Additionally, there is no clarity on the ownership of the data the robot has. There remains a dispute whether the owner of the data is the end-user, the robot manufacturer, or its software provider. There is also no clear guideline as to which party can use what part of data for what purposes. This raises the question of whether the data will be used ethically by the party that has ownership over it.
Developing Reliable Artificial Intelligence
Robots are usually programmed using artificial intelligence and machine learning technologies. However, despite advancements in these technologies, we still haven’t reached a stage where the technologies can be trusted completely. Firstly, tons of data is required to train robots to carry out their designated tasks. Even then, it is not guaranteed that the robots will work as intended, as the robots are usually trained under controlled environments. Real-world environments can sometimes become challenging for robots to comprehend and take suitable action. Currently, artificial intelligence is no match for human reasoning, and, thus, robotic solutions aren’t foolproof or completely dependable.
Building Multi-Functional Robots
Robots can carry out a single task efficiently. However, a single robot cannot perform multiple functions with the same efficiency or efficacy.
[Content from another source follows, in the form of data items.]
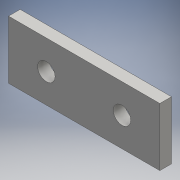
# Autodesk Inventor part: prepoj
Saved by Autodesk Inventor 2016 (Build 200138000, 138)
## iProperties
Created: 2016-01-30
Part Number: prepoj
Material: Generic
Document SubType Name: Modeling
Designer: Juraj
Density: 1 g/cm^3
Appearance: Default
Author: Juraj
Autodesk Inventor part; units mm, degrees
ref_plane "YZ Plane" through (0, 0, 0) normal (1, 0, 0) x (0, 1, 0)
ref_plane "XZ Plane" through (0, 0, 0) normal (0, 1, 0) x (-1, 0, 0)
ref_plane "XY Plane" through (0, 0, 0) normal (0, 0, 1) x (1, 0, 0)
sketch "Sketch1" plane through (0, 0, 0) normal (0, 1, 0) x (-1, 0, 0)
  line L0 (3.1278, 4.0625) -> (3.1278, -5.9375)
  line L1 (3.1278, -5.9375) -> (-22.8722, -5.9375)
  line L2 (-22.8722, -5.9375) -> (-22.8722, 4.0625)
  line L3 (-22.8722, 4.0625) -> (3.1278, 4.0625)
  circle A0 centre (-3.3722, -0.9375) radius 1.5
  line L4 (-9.8722, -5.9375) -> (-9.8722, 8.6537)
  circle A1 centre (-16.3722, -0.9375) radius 1.5
  point P0 (0, 0)
  dimension "d0" = 10
  dimension "d1" = 26
  dimension "d2" = 3
  dimension "d4" = 6.5
  dimension "d5" = 6.5
  dimension "d6" = 13
  constraints: 10 end point, 3 perpendicular, 2 centre point, 2 vertical, 1 midpoint, 1 symmetric about line, 1 other
  measures "d0" distance of L0.start L0.end
  measures "d1" distance of L0.end L1.end
  measures "d2" diameter of A0
  measures "d4" distance from line of L0 A0.centre
  measures "d5" distance from line of L4 A0.centre
  measures "d6" distance between parallel lines of L0 L4
extrude "Extrusion1" add sketch "Sketch1" along normal blind 2
body "Solid1"

Robots that are deployed in industrial settings are usually static and carry out a single repetitive task. However, with increased competition, businesses need to deploy robots that can multi-task to cut costs and help improve productivity. Robots need to identify people, objects, and environments while simultaneously interacting with them in an industrial setup. For example, a robot deployed at a warehouse to place objects needs to pick the object from a human employee, navigate his way to another section of the warehouse, and place the object in the rightful place. However, the robot may not be able to work cohesively with multiple elements and may not be able to carry out all the tasks. Hence, robots need to be developed with advanced versions of artificial intelligence, NLU, and machine learning technologies and superior hardware so that they can carry out multiple tasks with ease.
Agreed, the robotics industry has its own set of challenges. It has a long way to go before we can truly enjoy the benefits the industry can offer. However, businesses shouldn’t be disheartened and skeptical of using robots at their workplaces. The challenges in robotics are slowly but surely diminishing with advancements in technology. The current robotics solutions, too, prove highly beneficial for businesses in manufacturing, logistics, transportation, and healthcare. Businesses just need to find the most suitable solution that they can employ at their workplace by collaborating with an experienced robotics solutions provider. They can rest assured that the challenges mentioned above won’t interfere and hamper the productivity of the business if the robotics solutions are implemented correctly.